Postpone reindexing changes to list folder content
When performing a refresh, the SharePoint Online connector bases itself on the
RecrawlListFolderContentOnChange JSON configuration parameter value to determine whether to recrawl list folder content when changes were made at the folder level.
Recrawling list folder content when folder changes occur frequently can lead to long indexing times and increased API call usage.
At worst, the source may reindex list folders continually.
SharePoint Online sources created since September 13, 2021, don’t recrawl list folder content upon detected changes. SharePoint Online sources created before September 13, 2021 were set by default to recrawl changed list folders.
To make sure your scheduled refreshes don’t recrawl changed list folders, validate that the
RecrawlListFolderContentOnChange parameter in your source JSON configuration is set to
When set to
false, your source indexes changes in list folders during the following rescan or rebuild.
To set the
RecrawlListFolderContentOnChange parameter value to
In the Edit a Source JSON Configuration panel, locate the
RecrawlListFolderContentOnChangeparameter, and set its
Click Save to apply your change for later refresh operations.
A word on indexing pipeline extensions
indexing pipeline extensions (IPEs) are a powerful way to customize the indexing process.

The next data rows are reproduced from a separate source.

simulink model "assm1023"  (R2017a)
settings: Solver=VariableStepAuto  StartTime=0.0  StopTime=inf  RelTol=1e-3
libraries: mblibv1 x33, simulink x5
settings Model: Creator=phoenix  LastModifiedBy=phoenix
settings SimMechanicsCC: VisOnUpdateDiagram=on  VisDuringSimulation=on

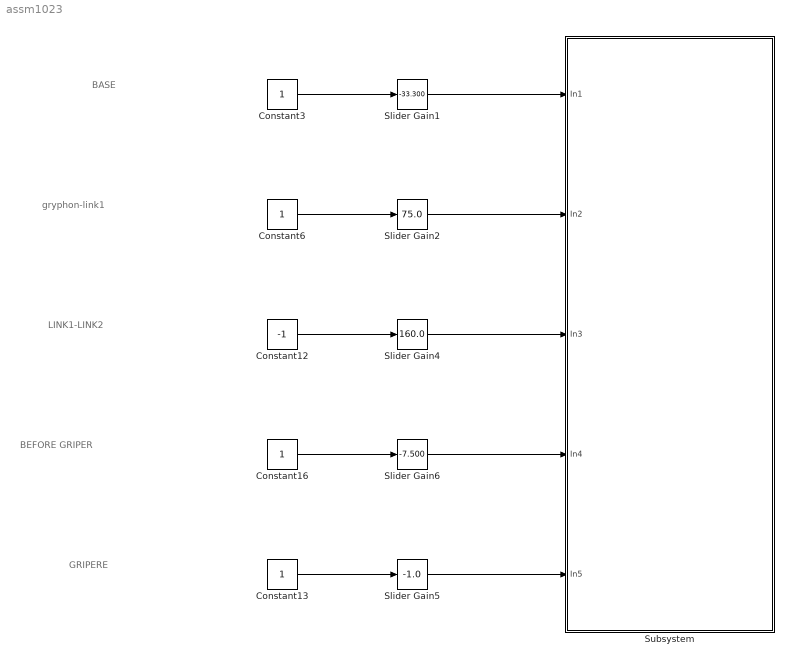
== system assm1023 ==
  note: BASE
  note: gryphon-link1
  note: LINK1-LINK2
  note: BEFORE GRIPER
  note: GRIPERE
  Constant12 : Constant  Value=-1
  Constant{3,6,13,16} (4 alike) : Constant
  Slider Gain1 : simulink/Math Operations/Slider Gain  gain=-33.300  low=-35  high=135
  Slider Gain2 : simulink/Math Operations/Slider Gain  gain=75.0  low=-15  high=75
  Slider Gain4 : simulink/Math Operations/Slider Gain  gain=160.0  low=10  high=160
  Slider Gain5 : simulink/Math Operations/Slider Gain  gain=-1.0  low=-1  high=30
  Slider Gain6 : simulink/Math Operations/Slider Gain  gain=-7.500  low=-90  high=60
  Subsystem : Subsystem
  wires:
  Slider Gain1/1 -> Subsystem/1(In1)
  Constant3/1 -> Slider Gain1/1
  Constant6/1 -> Slider Gain2/1
  Slider Gain2/1 -> Subsystem/2(In2)
  Slider Gain4/1 -> Subsystem/3(In3)
  Constant12/1 -> Slider Gain4/1
  Slider Gain6/1 -> Subsystem/4(In4)
  Constant16/1 -> Slider Gain6/1
  Constant13/1 -> Slider Gain5/1
  Slider Gain5/1 -> Subsystem/5(In5)

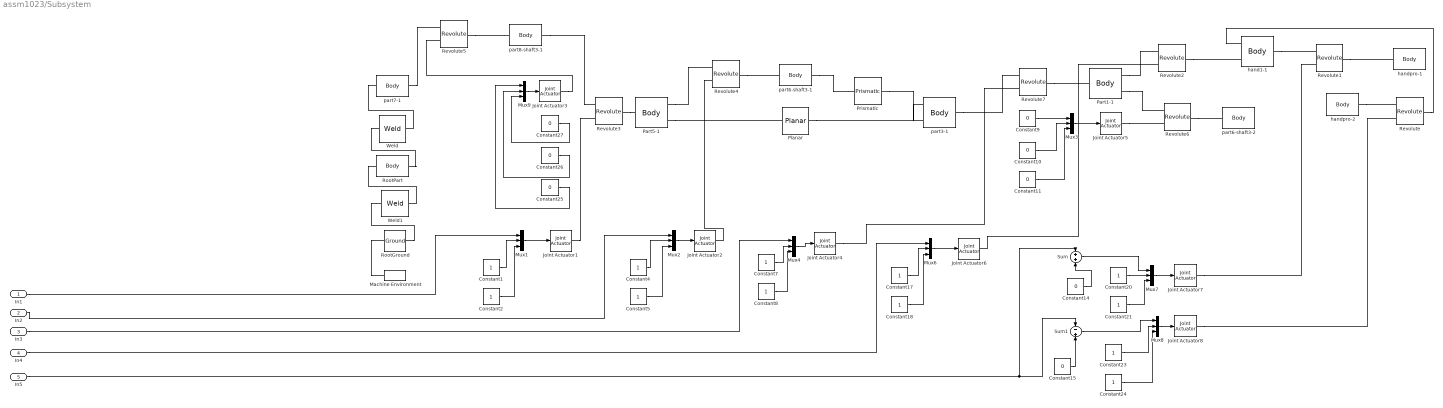
== system assm1023/Subsystem ==
  In1 : Inport
  In2 : Inport  Port=2
  In3 : Inport  Port=3
  In4 : Inport  Port=4
  In5 : Inport  Port=5
  Constant{1..2,4..5,7..8,17..18,20..21,23..24} (12 alike) : Constant
  Constant{9..11,14..15,25..27} (8 alike) : Constant  Value=0
  Joint Actuator{1..8} (8 alike) : mblibv1/Sensors &  Actuators/Joint Actuator  UpdateFromCAD=off  PhysicalDomain=Mechanical  PortType=blob  ActuationStyle=Motion  AngleUnits=deg  ArcVelocityUnits=deg/s  ArcAccelerationUnits=deg/s^2  CoordPositionUnits=m  VelocityUnits=m/s  AccelerationUnits=m/s^2  ForceUnits=N  TorqueUnits=N*m  ActiveIO=on  Width=3  DialogClass=MechanicalActuatorBlock  Primitive=R1  ReferenceFrame=Absolute (World)
      settings: SourceProductName=Simscape Multibody  SourceProductBaseCode=MS
  Machine Environment : mblibv1/Bodies/Machine Environment  PortType=env  PhysicalDomain=Mechanical  DialogTemplateClass=MECH.MachineEnvironment  SyncWhenCopied=off  Gravity=[0 -9.81 0]  GravityUnits=m/s^2  GravityAsSignal=off  Dimensionality=Auto-detect  AnalysisType=Forward dynamics  LinearAssemblyTolerance=1e-3  LinearAssemblyToleranceUnits=m  AngularAssemblyTolerance=1e-3  AngularAssemblyToleranceUnits=rad  ConstraintSolverType=Stabilizing  ConstraintRelTolerance=1e-4  ConstraintAbsTolerance=1e-4  UseRobustSingularityHandling=off  RedundancyAnalysisToleranceType=Automatically select tolerance  RedundancyAnalysisTolerance=1e-14  StatePerturbationType=Fixed  PerturbationSize=1e-5  VisualizeMachine=on  BodyVisualizationType=Use model default body geometries  BodyColorSelMode=Use model default  DefaultBodyColor=[1 0 0]
      settings: SourceProductName=Simscape Multibody  SourceProductBaseCode=MS
  Mux{1..4,6..9} (8 alike) : Mux  Inputs=3
  Part1-1 : mblibv1/Bodies/Body  LConnTagsString=CS4  RConnTagsString=CS2|CS3  UpdateFromCAD=on  DialogClass=MechanicalBodyBlock  Mass=9.49978  MassUnits=kg  InertiaUnits=kg*m^2  Inertia=[0.0164097,2.42302e-12,1.5644e-05;2.42302e-12,0.122916,-3.79927e-12;1.5644e-05,-3.79927e-12,0.124698]  Shape=Cylinder  ShapeDims=[1 1]  ShapeUnits=m  ShapeUse=false  Density=1  DensityUnits=kg/m^3  DensityUse=false  GraphicsMode=GFXFILE  GraphicsFileName=assm1023 - Part1-1.STL  BodyColorSelMode=COLORPALETTE  BodyColor=[0.898039;0.917647;0.929412]  AttachedToCS=CS1  CG=Right$CG$[0.0475798 0.46012 0.475956]$WORLD$WORLD$m$[-0.150782 -0.954807 -0.256141;0.861772 0 -0.507296;0.484369 -0.297226 0.822826]$3x3 Transform$rad$WORLD$false$none  WorkingFrames=Right$CS1$[0.122411 0.313454 0.408837]$WORLD$WORLD$m$[-0.150782 -0.954807 -0.256141;0.861772 0 -0.507296;0.484369 -0.297226 0.822826]$3x3 Transform$rad$WORLD$false$none#Right$CS2$[0.0598411 0.646508 0.594696]$WORLD$WORLD$m$[1 0 0;0 1 0;0 0 1]$3x3 Transform$rad$WORLD$true$none#Right$CS3$[0.00144863 0.44272 0.450878]$WORLD$WORLD$m$[1 0 0;0 1 0;0 0 1]$3x3 Transform$rad$WORLD$true$none#Left$CS4$[0.102331 0.44272 0.482283]$WORLD$WORLD$m$[1 0 0;0 1 0;0 0 1]$3x3 Transform$rad$WORLD$true$none  CGPos=[0.0475798 0.46012 0.475956]  CGRot=[-0.150782 -0.954807 -0.256141;0.861772 0 -0.507296;0.484369 -0.297226 0.822826]  CS0Pos=[]  CS0Rot=[]  CS1Pos=[0.122411 0.313454 0.408837]  CS1Rot=[-0.150782 -0.954807 -0.256141;0.861772 0 -0.507296;0.484369 -0.297226 0.822826]  CS2Pos=[0.0598411 0.646508 0.594696]  CS2Rot=[1 0 0;0 1 0;0 0 1]  CS3Pos=[0.00144863 0.44272 0.450878]  CS3Rot=[1 0 0;0 1 0;0 0 1]  CS4Pos=[0.102331 0.44272 0.482283]  CS4Rot=[1 0 0;0 1 0;0 0 1]  CS5Pos=[]  CS5Rot=[]  CS6Pos=[]  CS6Rot=[]  CS7Pos=[]  CS7Rot=[]  CS8Pos=[]  CS8Rot=[]  CS9Pos=[]  CS9Rot=[]  CS10Pos=[]  CS10Rot=[]  CS11Pos=[]  CS11Rot=[]  CS12Pos=[]  CS12Rot=[]  CS13Pos=[]  CS13Rot=[]  CS14Pos=[]  CS14Rot=[]  CS15Pos=[]  CS15Rot=[]  CS16Pos=[]  CS16Rot=[]  CS17Pos=[]  CS17Rot=[]  CS18Pos=[]  CS18Rot=[]  CS19Pos=[]  CS19Rot=[]  CS20Pos=[]  CS20Rot=[]
      settings: SourceProductName=Simscape Multibody  SourceProductBaseCode=MS
  Part5-1 : mblibv1/Bodies/Body  LConnTagsString=CS2  RConnTagsString=CS3|CS4  UpdateFromCAD=on  DialogClass=MechanicalBodyBlock  Mass=12.9081  MassUnits=kg  InertiaUnits=kg*m^2  Inertia=[0.0502011,-0.00109709,-3.42245e-05;-0.00109709,0.0708723,7.44572e-05;-3.42245e-05,7.44572e-05,0.0778857]  Shape=Cylinder  ShapeDims=[1 1]  ShapeUnits=m  ShapeUse=false  Density=1  DensityUnits=kg/m^3  DensityUse=false  GraphicsMode=GFXFILE  GraphicsFileName=assm1023 - Part5-1.STL  BodyColorSelMode=COLORPALETTE  BodyColor=[0.898039;0.917647;0.929412]  AttachedToCS=CS1  CG=Right$CG$[0.125791 0.354759 0.162602]$WORLD$WORLD$m$[-0.297226 0 -0.954807;0 1 0;0.954807 0 -0.297226]$3x3 Transform$rad$WORLD$false$none  WorkingFrames=Right$CS1$[0.125942 0.27534 0.161983]$WORLD$WORLD$m$[-0.297226 0 -0.954807;0 1 0;0.954807 0 -0.297226]$3x3 Transform$rad$WORLD$false$none#Left$CS2$[0.116431 0.27634 0.192537]$WORLD$WORLD$m$[1 0 0;0 1 0;0 0 1]$3x3 Transform$rad$WORLD$true$none#Right$CS3$[0.0325634 0.45934 0.226441]$WORLD$WORLD$m$[1 0 0;0 1 0;0 0 1]$3x3 Transform$rad$WORLD$true$none#Right$CS4$[0.225176 0.41534 0.0787147]$WORLD$WORLD$m$[1 0 0;0 1 0;0 0 1]$3x3 Transform$rad$WORLD$true$none  CGPos=[0.125791 0.354759 0.162602]  CGRot=[-0.297226 0 -0.954807;0 1 0;0.954807 0 -0.297226]  CS0Pos=[]  CS0Rot=[]  CS1Pos=[0.125942 0.27534 0.161983]  CS1Rot=[-0.297226 0 -0.954807;0 1 0;0.954807 0 -0.297226]  CS2Pos=[0.116431 0.27634 0.192537]  CS2Rot=[1 0 0;0 1 0;0 0 1]  CS3Pos=[0.0325634 0.45934 0.226441]  CS3Rot=[1 0 0;0 1 0;0 0 1]  CS4Pos=[0.225176 0.41534 0.0787147]  CS4Rot=[1 0 0;0 1 0;0 0 1]  CS5Pos=[]  CS5Rot=[]  CS6Pos=[]  CS6Rot=[]  CS7Pos=[]  CS7Rot=[]  CS8Pos=[]  CS8Rot=[]  CS9Pos=[]  CS9Rot=[]  CS10Pos=[]  CS10Rot=[]  CS11Pos=[]  CS11Rot=[]  CS12Pos=[]  CS12Rot=[]  CS13Pos=[]  CS13Rot=[]  CS14Pos=[]  CS14Rot=[]  CS15Pos=[]  CS15Rot=[]  CS16Pos=[]  CS16Rot=[]  CS17Pos=[]  CS17Rot=[]  CS18Pos=[]  CS18Rot=[]  CS19Pos=[]  CS19Rot=[]  CS20Pos=[]  CS20Rot=[]
      settings: SourceProductName=Simscape Multibody  SourceProductBaseCode=MS
  Planar : mblibv1/Joints/Planar  LConnTagsString=__newl0  RConnTagsString=__newr0  UpdateFromCAD=on  NumSAPorts=0  CutJoint=off  MarkAsCut=off  Primitives=prismatic_prismatic  PrimitiveProps=P1$WORLD$[-0.214972,0.690575,0.690575]$prismatic#P2$WORLD$[0.205257,0.723261,-0.659366]$prismatic#R1$WORLD$[0.954807,0,0.297226]$revolute  DialogClass=JointBlock  P1Axis=[-0.214972,0.690575,0.690575]  P2Axis=[0.205257,0.723261,-0.659366]  R1Axis=[0.954807,0,0.297226]
      settings: SourceProductName=Simscape Multibody  SourceProductBaseCode=MS
  Prismatic : mblibv1/Joints/Prismatic  LConnTagsString=__newl0  RConnTagsString=__newr0  UpdateFromCAD=on  NumSAPorts=0  CutJoint=off  MarkAsCut=off  Primitives=prismatic  PrimitiveProps=P1$WORLD$[-0.954807,0,-0.297226]$prismatic  DialogClass=JointBlock  P1Axis=[-0.954807,0,-0.297226]
      settings: SourceProductName=Simscape Multibody  SourceProductBaseCode=MS
  Revolute : mblibv1/Joints/Revolute  LConnTagsString=__newl0|SA1  RConnTagsString=__newr0  UpdateFromCAD=on  NumSAPorts=1  CutJoint=off  MarkAsCut=off  Primitives=prismatic  PrimitiveProps=R1$World$[-0.25737,-0.500207,0.826773]$revolute  DialogClass=JointBlock  R1Axis=[-0.25737,-0.500207,0.826773]
      settings: SourceProductName=Simscape Multibody  SourceProductBaseCode=MS
  Revolute1 : mblibv1/Joints/Revolute  LConnTagsString=__newl0|SA1  RConnTagsString=__newr0  UpdateFromCAD=on  NumSAPorts=1  CutJoint=off  MarkAsCut=off  Primitives=prismatic  PrimitiveProps=R1$World$[0.25737,0.500207,-0.826773]$revolute  DialogClass=JointBlock  R1Axis=[0.25737,0.500207,-0.826773]
      settings: SourceProductName=Simscape Multibody  SourceProductBaseCode=MS
  Revolute2 : mblibv1/Joints/Revolute  LConnTagsString=__newl0|SA1  RConnTagsString=__newr0  UpdateFromCAD=on  NumSAPorts=1  CutJoint=off  MarkAsCut=off  Primitives=prismatic  PrimitiveProps=R1$World$[-0.954807,0,-0.297226]$revolute  DialogClass=JointBlock  R1Axis=[-0.954807,0,-0.297226]
      settings: SourceProductName=Simscape Multibody  SourceProductBaseCode=MS
  Revolute3 : mblibv1/Joints/Revolute  LConnTagsString=__newl0|SA1  RConnTagsString=__newr0  UpdateFromCAD=on  NumSAPorts=1  CutJoint=off  MarkAsCut=off  Primitives=prismatic  PrimitiveProps=R1$World$[0,1,0]$revolute  DialogClass=JointBlock  R1Axis=[0,1,0]
      settings: SourceProductName=Simscape Multibody  SourceProductBaseCode=MS
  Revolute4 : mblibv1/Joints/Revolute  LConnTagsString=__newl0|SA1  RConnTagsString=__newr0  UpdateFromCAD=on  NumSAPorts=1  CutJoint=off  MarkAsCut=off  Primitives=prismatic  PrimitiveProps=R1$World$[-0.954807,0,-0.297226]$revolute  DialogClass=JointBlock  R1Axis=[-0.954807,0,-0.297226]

However, whereas your SharePoint Online connector configurations are applied in the crawling stage of the Coveo indexing pipeline, indexing pipeline extensions are applied in the document processing manager (DPM). Using an IPE to reject items doesn’t reduce the number of items crawled and, therefore, only adds to the total time required before source items are indexed.
Only use IPEs as a last resort, when filtering isn’t possible natively in the SharePoint Online connector.
Additional indexing strategies
The SharePoint Online connector uses SharePoint Online APIs to retrieve your tenant content. SharePoint Online throttles applications to control usage of its APIs.
The following leading practices are meant to minimize the impacts of throttling on connector update times.
Using a certificate to access SharePoint Online APIs rather than a user account increases the call rate limits before throttling is applied. That’s why we recommend using certificate authentication over delegated authentication when adding or editing a SharePoint Online source.
Additionally, using a certificate enables automatic refresh operations during a rescan.
To avoid user account throttling occurrences, Coveo prevents refreshes from being executed during a rescan when using delegated authentication. Permitting this wouldn’t yield any advantages for users.
Split your sources and optimize update schedules
SharePoint Online limits API calls per minute and per day. Minimizing connector update times involves taking into account these time window limits. Splitting big SharePoint Online sources into several smaller ones allows you to spread scheduled source updates over time, reducing the risk of throttling and the duration of throttling episodes.
You can split sources into smaller ones by:
Alphabetical order of site names.
A given maximum number of specific sites per source.
Content type (for example, user profiles, documentation, teams).
Make sure you consider content that will be added over time in your SharePoint Online tenant (for example, new sites). For example, you can achieve this by setting up "catch remaining" sources.
If you need to create a new source to capture newly added content in your tenant, consider duplicating an existing source that indexes analogous content. This will make configuring the new source simpler and faster.
The SharePoint Online connector supports refresh and rescan source updates. You should understand the differences between both source update types and set scheduled update frequencies that make sense in your context. You should also have a global scheduling strategy to prevent overlapping source updates or having multiple lengthy updates running on the same day of the week.